Cette législation permet au Cameroun de se conformer aux normes internationales en matière de protection des données personnelles, renforçant ainsi la sécurité des informations et la protection des droits des individus dans l’environnement numérique.
Conclusion
La loi n°2024/017 du 23 décembre 2024 constitue une avancée majeure pour la protection des données personnelles au Cameroun. Elle établit un cadre juridique moderne et conforme aux standards internationaux, tout en tenant compte des spécificités locales.
Cependant, pour assurer son efficacité, il est essentiel de renforcer l’autorité de contrôle, d’instaurer des dispositifs de sensibilisation et d’assurer une mise à jour continue face aux évolutions technologiques.
3 Comments
L’article est bien structuré et explique clairement les dispositions de la loi.

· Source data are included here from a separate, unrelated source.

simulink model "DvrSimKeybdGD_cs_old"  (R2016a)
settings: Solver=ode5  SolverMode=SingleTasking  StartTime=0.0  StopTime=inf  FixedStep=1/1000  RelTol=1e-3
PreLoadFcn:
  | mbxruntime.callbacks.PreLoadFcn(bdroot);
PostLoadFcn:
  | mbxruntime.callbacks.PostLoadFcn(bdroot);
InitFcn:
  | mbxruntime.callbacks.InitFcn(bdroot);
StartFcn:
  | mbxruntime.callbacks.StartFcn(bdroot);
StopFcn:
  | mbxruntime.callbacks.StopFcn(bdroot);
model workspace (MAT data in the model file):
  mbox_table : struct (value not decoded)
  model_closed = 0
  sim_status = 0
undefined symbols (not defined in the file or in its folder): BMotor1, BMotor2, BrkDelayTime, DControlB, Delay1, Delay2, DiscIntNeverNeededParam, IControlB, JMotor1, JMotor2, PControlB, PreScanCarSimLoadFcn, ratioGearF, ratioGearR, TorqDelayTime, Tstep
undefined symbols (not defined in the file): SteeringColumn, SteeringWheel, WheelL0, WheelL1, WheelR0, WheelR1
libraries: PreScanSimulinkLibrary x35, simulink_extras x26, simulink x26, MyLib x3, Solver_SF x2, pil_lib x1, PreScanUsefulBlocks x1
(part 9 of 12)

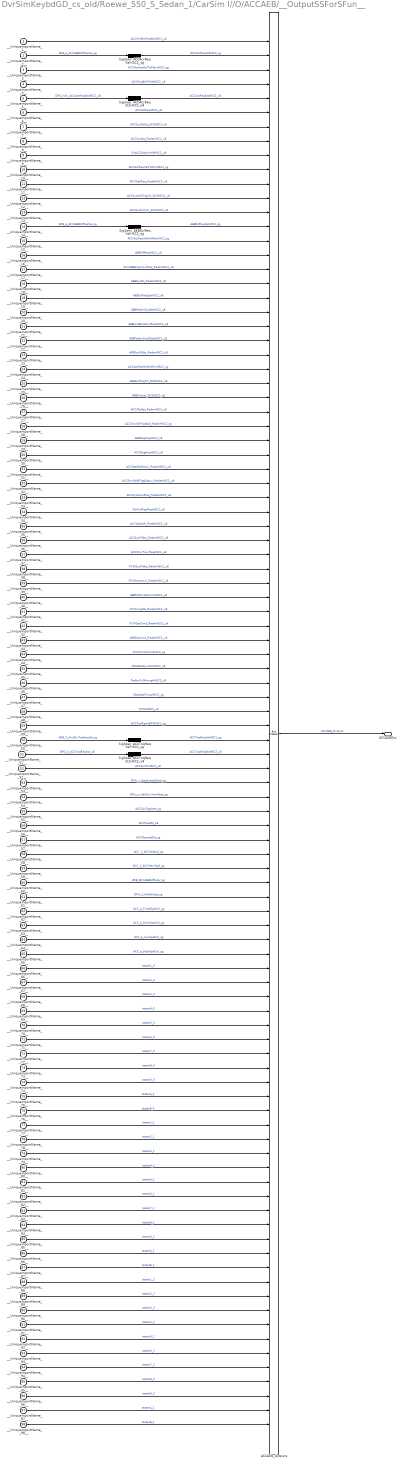
== system DvrSimKeybdGD_cs_old/Roewe_550_S_Sedan_1/CarSim I//O/ACCAEB/__OutputSSForSFun__ ==
  __UniqueInportName__1__ : Inport
  __UniqueInportName__2__ : Inport  Port=2
  __UniqueInportName__3__ : Inport  Port=3
  __UniqueInportName__4__ : Inport  Port=4
  __UniqueInportName__5__ : Inport  Port=5
  __UniqueInportName__6__ : Inport  Port=6
  __UniqueInportName__7__ : Inport  Port=7
  __UniqueInportName__8__ : Inport  Port=8
  __UniqueInportName__9__ : Inport  Port=9
  __UniqueInportName__10__ : Inport  Port=10
  __UniqueInportName__11__ : Inport  Port=11
  __UniqueInportName__12__ : Inport  Port=12
  __UniqueInportName__13__ : Inport  Port=13
  __UniqueInportName__14__ : Inport  Port=14
  __UniqueInportName__15__ : Inport  Port=15
  __UniqueInportName__16__ : Inport  Port=16
  __UniqueInportName__17__ : Inport  Port=17
  __UniqueInportName__18__ : Inport  Port=18
  __UniqueInportName__19__ : Inport  Port=19
  __UniqueInportName__20__ : Inport  Port=20
  __UniqueInportName__21__ : Inport  Port=21
  __UniqueInportName__22__ : Inport  Port=22
  __UniqueInportName__23__ : Inport  Port=23
  __UniqueInportName__24__ : Inport  Port=24
  __UniqueInportName__25__ : Inport  Port=25
  __UniqueInportName__26__ : Inport  Port=26
  __UniqueInportName__27__ : Inport  Port=27
  __UniqueInportName__28__ : Inport  Port=28
  __UniqueInportName__29__ : Inport  Port=29
  __UniqueInportName__30__ : Inport  Port=30
  __UniqueInportName__31__ : Inport  Port=31
  __UniqueInportName__32__ : Inport  Port=32
  __UniqueInportName__33__ : Inport  Port=33
  __UniqueInportName__34__ : Inport  Port=34
  __UniqueInportName__35__ : Inport  Port=35
  __UniqueInportName__36__ : Inport  Port=36
  __UniqueInportName__37__ : Inport  Port=37
  __UniqueInportName__38__ : Inport  Port=38
  __UniqueInportName__39__ : Inport  Port=39
  __UniqueInportName__40__ : Inport  Port=40
  __UniqueInportName__41__ : Inport  Port=41
  __UniqueInportName__42__ : Inport  Port=42
  __UniqueInportName__43__ : Inport  Port=43
  __UniqueInportName__44__ : Inport  Port=44
  __UniqueInportName__45__ : Inport  Port=45
  __UniqueInportName__46__ : Inport  Port=46
  __UniqueInportName__47__ : Inport  Port=47
  __UniqueInportName__48__ : Inport  Port=48
  __UniqueInportName__49__ : Inport  Port=49
  __UniqueInportName__50__ : Inport  Port=50
  __UniqueInportName__51__ : Inport  Port=51
  __UniqueInportName__52__ : Inport  Port=52
  __UniqueInportName__53__ : Inport  Port=53
  __UniqueInportName__54__ : Inport  Port=54
  __UniqueInportName__55__ : Inport  Port=55
  __UniqueInportName__56__ : Inport  Port=56
  __UniqueInportName__57__ : Inport  Port=57
  __UniqueInportName__58__ : Inport  Port=58
  __UniqueInportName__59__ : Inport  Port=59
  __UniqueInportName__60__ : Inport  Port=60
  __UniqueInportName__61__ : Inport  Port=61
  __UniqueInportName__62__ : Inport  Port=62
  __UniqueInportName__63__ : Inport  Port=63
  __UniqueInportName__64__ : Inport  Port=64
  __UniqueInportName__65__ : Inport  Port=65
  __UniqueInportName__66__ : Inport  Port=66
  __UniqueInportName__67__ : Inport  Port=67
  __UniqueInportName__68__ : Inport  Port=68
  __UniqueInportName__69__ : Inport  Port=69
  __UniqueInportName__70__ : Inport  Port=70
  __UniqueInportName__71__ : Inport  Port=71
  __UniqueInportName__72__ : Inport  Port=72
  __UniqueInportName__73__ : Inport  Port=73
  __UniqueInportName__74__ : Inport  Port=74
  __UniqueInportName__75__ : Inport  Port=75
  __UniqueInportName__76__ : Inport  Port=76
  __UniqueInportName__77__ : Inport  Port=77
  __UniqueInportName__78__ : Inport  Port=78
  __UniqueInportName__79__ : Inport  Port=79
  __UniqueInportName__80__ : Inport  Port=80
  __UniqueInportName__81__ : Inport  Port=81
  __UniqueInportName__82__ : Inport  Port=82
  __UniqueInportName__83__ : Inport  Port=83
  __UniqueInportName__84__ : Inport  Port=84
  __UniqueInportName__85__ : Inport  Port=85
  __UniqueInportName__86__ : Inport  Port=86
  __UniqueInportName__87__ : Inport  Port=87
  __UniqueInportName__88__ : Inport  Port=88
  __UniqueInportName__89__ : Inport  Port=89
  __UniqueInportName__90__ : Inport  Port=90
  __UniqueInportName__91__ : Inport  Port=91
  __UniqueInportName__92__ : Inport  Port=92
  __UniqueInportName__93__ : Inport  Port=93
  __UniqueInportName__94__ : Inport  Port=94
  __UniqueInportName__95__ : Inport  Port=95
  __UniqueInportName__96__ : Inport  Port=96
  __UniqueInportName__97__ : Inport  Port=97
  __UniqueInportName__98__ : Inport  Port=98
  ACCAEB_Outputs : BusCreator  Inputs=98
  SigSpec_ACCAccReqStsHSC2_u8 : Demux  Outputs=1
  SigSpec_ACCAccReqValHSC2_sg : Demux  Outputs=1
  SigSpec_ACCToqReqStsHSC2_u8 : Demux  Outputs=1
  SigSpec_ACCToqReqValHSC2_sg : Demux  Outputs=1
  SigSpec_AEBDclReqValHSC2_sg : Demux  Outputs=1
  ACCAEBOut : Outport
  wires:
  __UniqueInportName__2__/1 -> SigSpec_ACCAccReqValHSC2_sg/1  "ARB_a_ACCAEBDclReqVal_sg"
  __UniqueInportName__5__/1 -> SigSpec_ACCAccReqStsHSC2_u8/1  "DPO_indx_ACCAccReqStsHSC2_u8"
  __UniqueInportName__14__/1 -> SigSpec_AEBDclReqValHSC2_sg/1  "ARB_a_ACCAEBDclReqVal_sg"
  __UniqueInportName__50__/1 -> SigSpec_ACCToqReqValHSC2_sg/1  "ARB_T_SmtDrvToqReqVal_sg"
  __UniqueInportName__51__/1 -> SigSpec_ACCToqReqStsHSC2_u8/1  "DPO_is_ACCToqReqSts_u8"
  __UniqueInportName__1__/1 -> ACCAEB_Outputs/1  "ACCMinBrkReqStsHSC2_u8"
  SigSpec_ACCAccReqValHSC2_sg/1 -> ACCAEB_Outputs/2  "ACCAccReqValHSC2_sg"
  __UniqueInportName__3__/1 -> ACCAEB_Outputs/3  "ACCAccReqValTolMaxHSC2_sg"
  __UniqueInportName__4__/1 -> ACCAEB_Outputs/4  "ACCReqBrkPrfrdHSC2_u8"
  SigSpec_ACCAccReqStsHSC2_u8/1 -> ACCAEB_Outputs/5  "ACCAccReqStsHSC2_u8"
  __UniqueInportName__6__/1 -> ACCAEB_Outputs/6  "ACCGoReqHSC2_u8"
  __UniqueInportName__7__/1 -> ACCAEB_Outputs/7  "ACCSysFltSts_SCSHSC2_u8"
  __UniqueInportName__8__/1 -> ACCAEB_Outputs/8  "ACCSysSts_RadarHSC2_u8"
  __UniqueInportName__9__/1 -> ACCAEB_Outputs/9  "ChACCShtdwnMdHSC2_u8"
  __UniqueInportName__10__/1 -> ACCAEB_Outputs/10  "ACCAccReqValTolMinHSC2_sg"
  __UniqueInportName__11__/1 -> ACCAEB_Outputs/11  "ACCSdslReq_RadarHSC2_u8"
  __UniqueInportName__12__/1 -> ACCAEB_Outputs/12  "ACCSysAlvRlngCtr_SCSHSC2_u8"
  __UniqueInportName__13__/1 -> ACCAEB_Outputs/13  "ACCSysChksm_SCSHSC2_u8"
  SigSpec_AEBDclReqValHSC2_sg/1 -> ACCAEB_Outputs/14  "AEBDclReqValHSC2_sg"
  __UniqueInportName__15__/1 -> ACCAEB_Outputs/15  "ACCAccReqValGrdMaxHSC2_sg"
  __UniqueInportName__16__/1 -> ACCAEB_Outputs/16  "AEBPrflReqHSC2_u8"
  __UniqueInportName__17__/1 -> ACCAEB_Outputs/17  "ACCAEBBrkJerkLvlReq_RadarHSC2_u8"
  __UniqueInportName__18__/1 -> ACCAEB_Outputs/18  "AEBSysSts_RadarHSC2_u8"
  __UniqueInportName__19__/1 -> ACCAEB_Outputs/19  "AEBDclReqStsHSC2_u8"
  __UniqueInportName__20__/1 -> ACCAEB_Outputs/20  "AEBPedtrnSysStsHSC2_u8"
  __UniqueInportName__21__/1 -> ACCAEB_Outputs/21  "AEBHydBrkAstLvlReqHSC2_u8"
  __UniqueInportName__22__/1 -> ACCAEB_Outputs/22  "AEBPedtrnSysFltStsHSC2_u8"
  __UniqueInportName__23__/1 -> ACCAEB_Outputs/23  "AEBSysFltSts_RadarHSC2_u8"
  __UniqueInportName__24__/1 -> ACCAEB_Outputs/24  "ACCAccReqValGrdMinHSC2_sg"
  __UniqueInportName__25__/1 -> ACCAEB_Outputs/25  "AEBAlvRlngCtr_SCSHSC2_u8"
  __UniqueInportName__26__/1 -> ACCAEB_Outputs/26  "AEBChksm_SCSHSC2_u8"
  __UniqueInportName__27__/1 -> ACCAEB_Outputs/27  "ACCObjDet_RadarHSC2_u8"
  __UniqueInportName__28__/1 -> ACCAEB_Outputs/28  "ACCDrvrSelTrgtSpd_RadarHSC2_sg"
  __UniqueInportName__29__/1 -> ACCAEB_Outputs/29  "AEBMsgReqHSC2_u8"
  __UniqueInportName__30__/1 -> ACCAEB_Outputs/30  "ACCMsgReqHSC2_u8"
  __UniqueInportName__31__/1 -> ACCAEB_Outputs/31  "ACCDetObjDistLvl_RadarHSC2_u8"
  __UniqueInportName__32__/1 -> ACCAEB_Outputs/32  "ACCDrvrSeldTrgtDistLvl_RadarHSC2_u8"
  __UniqueInportName__33__/1 -> ACCAEB_Outputs/33  "ACCSysCanclReq_RadarHSC2_u8"
  __UniqueInportName__34__/1 -> ACCAEB_Outputs/34  "RdrCalPrgsReqHSC2_u8"
  __UniqueInportName__35__/1 -> ACCAEB_Outputs/35  "ACCGoNotfr_RadarHSC2_u8"
  __UniqueInportName__36__/1 -> ACCAEB_Outputs/36  "ACCSysFltSts_RadarHSC2_u8"
  __UniqueInportName__37__/1 -> ACCAEB_Outputs/37  "ACCDrvrTkovReqHSC2_u8"
  __UniqueInportName__38__/1 -> ACCAEB_Outputs/38  "FCWSysFltSts_RadarHSC2_u8"
  __UniqueInportName__39__/1 -> ACCAEB_Outputs/39  "FCWSnstvtLvl_RadarHSC2_u8"
  __UniqueInportName__40__/1 -> ACCAEB_Outputs/40  "AEBPedtrnDspCmdHSC2_u8"
  __UniqueInportName__41__/1 -> ACCAEB_Outputs/41  "FCWrnngSts_RadarHSC2_u8"
  __UniqueInportName__42__/1 -> ACCAEB_Outputs/42  "FCWDspCmd_RadarHSC2_u8"
  __UniqueInportName__43__/1 -> ACCAEB_Outputs/43  "AEBDspCmd_RadarHSC2_u8"
  __UniqueInportName__44__/1 -> ACCAEB_Outputs/44  "FCWTimeToColHSC2_sg"
  __UniqueInportName__45__/1 -> ACCAEB_Outputs/45  "ObsDataSyncCtrHSC2_u8"
  __UniqueInportName__46__/1 -> ACCAEB_Outputs/46  "PedtrnColWrnngAHSC2_u8"
  __UniqueInportName__47__/1 -> ACCAEB_Outputs/47  "ObsDataTmspHSC2_sg"
  __UniqueInportName__48__/1 -> ACCAEB_Outputs/48  "FCWAHSC2_u8"
  __UniqueInportName__49__/1 -> ACCAEB_Outputs/49  "ACCToqReqValPVHSC2_sg"
  SigSpec_ACCToqReqValHSC2_sg/1 -> ACCAEB_Outputs/50  "ACCToqReqValHSC2_sg"
  SigSpec_ACCToqReqStsHSC2_u8/1 -> ACCAEB_Outputs/51  "ACCToqReqStsHSC2_u8"
  __UniqueInportName__52__/1 -> ACCAEB_Outputs/52  "ACCAlvRCHSC2_u8"
  __UniqueInportName__53__/1 -> ACCAEB_Outputs/53  "DFIn_v_EgoAvgVehSpd_sg"
  __UniqueInportName__54__/1 -> ACCAEB_Outputs/54  "DFIn_yr_VehDynYawRate_sg"
  __UniqueInportName__55__/1 -> ACCAEB_Outputs/55  "ACCSysTgtAccel_sg"
  __UniqueInportName__56__/1 -> ACCAEB_Outputs/56  "ACCReqSts_u8"
  __UniqueInportName__57__/1 -> ACCAEB_Outputs/57  "ACCDesiredDis_sg"
  __UniqueInportName__58__/1 -> ACCAEB_Outputs/58  "ACC_V_ACCSetSpd_sg"
  __UniqueInportName__59__/1 -> ACCAEB_Outputs/59  "ACC_V_ACCMemSpd_sg"
  __UniqueInportName__60__/1 -> ACCAEB_Outputs/60  "ARB_ACCAEBDclReqV_sg"
  __UniqueInportName__61__/1 -> ACCAEB_Outputs/61  "DFIn_V_HdVehSpd_sg"
  __UniqueInportName__62__/1 -> ACCAEB_Outputs/62  "ACC_a_FixedSpdCtrl_sg"
  __UniqueInportName__63__/1 -> ACCAEB_Outputs/63  "ACC_a_EmerSpdCtrl_sg"
  __UniqueInportName__64__/1 -> ACCAEB_Outputs/64  "ACC_a_LowSpdCtrl_sg"
  __UniqueInportName__65__/1 -> ACCAEB_Outputs/65  "ACC_a_HighSpdCtrl_sg"
  __UniqueInportName__66__/1 -> ACCAEB_Outputs/66  "tester1_0"
  __UniqueInportName__67__/1 -> ACCAEB_Outputs/67  "tester2_0"
  __UniqueInportName__68__/1 -> ACCAEB_Outputs/68  "tester3_0"
  __UniqueInportName__69__/1 -> ACCAEB_Outputs/69  "tester4_0"
  __UniqueInportName__70__/1 -> ACCAEB_Outputs/70  "tester5_0"
  __UniqueInportName__71__/1 -> ACCAEB_Outputs/71  "tester6_0"
  __UniqueInportName__72__/1 -> ACCAEB_Outputs/72  "tester7_0"
  __UniqueInportName__73__/1 -> ACCAEB_Outputs/73  "tester8_0"
  __UniqueInportName__74__/1 -> ACCAEB_Outputs/74  "tester9_0"
  __UniqueInportName__75__/1 -> ACCAEB_Outputs/75  "testerA_0"
  __UniqueInportName__76__/1 -> ACCAEB_Outputs/76  "testerB_0"
  __UniqueInportName__77__/1 -> ACCAEB_Outputs/77  "tester1_1"
  __UniqueInportName__78__/1 -> ACCAEB_Outputs/78  "tester2_1"
  __UniqueInportName__79__/1 -> ACCAEB_Outputs/79  "tester3_1"
  __UniqueInportName__80__/1 -> ACCAEB_Outputs/80  "tester4_1"
  __UniqueInportName__81__/1 -> ACCAEB_Outputs/81  "tester5_1"
  __UniqueInportName__82__/1 -> ACCAEB_Outputs/82  "tester6_1"
  __UniqueInportName__83__/1 -> ACCAEB_Outputs/83  "tester7_1"
  __UniqueInportName__84__/1 -> ACCAEB_Outputs/84  "tester8_1"
  __UniqueInportName__85__/1 -> ACCAEB_Outputs/85  "tester9_1"
  __UniqueInportName__86__/1 -> ACCAEB_Outputs/86  "testerA_1"
  __UniqueInportName__87__/1 -> ACCAEB_Outputs/87  "testerB_1"
  __UniqueInportName__88__/1 -> ACCAEB_Outputs/88  "tester1_2"
  __UniqueInportName__89__/1 -> ACCAEB_Outputs/89  "tester2_2"
  __UniqueInportName__90__/1 -> ACCAEB_Outputs/90  "tester3_2"
  __UniqueInportName__91__/1 -> ACCAEB_Outputs/91  "tester4_2"
  __UniqueInportName__92__/1 -> ACCAEB_Outputs/92  "tester5_2"
  __UniqueInportName__93__/1 -> ACCAEB_Outputs/93  "tester6_2"
  __UniqueInportName__94__/1 -> ACCAEB_Outputs/94  "tester7_2"
  __UniqueInportName__95__/1 -> ACCAEB_Outputs/95  "tester8_2"
  __UniqueInportName__96__/1 -> ACCAEB_Outputs/96  "tester9_2"
  __UniqueInportName__97__/1 -> ACCAEB_Outputs/97  "testerA_2"
  __UniqueInportName__98__/1 -> ACCAEB_Outputs/98  "testerB_2"
  ACCAEB_Outputs/1 -> ACCAEBOut/1  "ACCAEB_Outputs"

== system DvrSimKeybdGD_cs_old/Roewe_550_S_Sedan_1/CarSim I//O/ACCAEB In/On Hold ==
  In1 : Inport
  Triggered Subsystem : Subsystem  TreatAsAtomicUnit=on
  Unit Delay : UnitDelay  SampleTime=-1
  Out1 : Outport
  wires:
  Triggered Subsystem/1(Out1) -> Out1/1, Unit Delay/1
  Unit Delay/1 -> Triggered Subsystem/1(In1)
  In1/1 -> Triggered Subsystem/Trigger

Cependant, une synthèse plus concise des points clés permettrait une lecture plus fluide.
Un développement supplémentaire sur l’impact pour les entreprises locales et internationales opérant au Cameroun serait pertinent : quelles adaptations doivent-elles prévoir ?
L’article mentionne l’autorité de protection des données, mais comment sera-t-elle mise en place ? Des précisions sur les moyens dont elle disposera renforceraient l’analyse.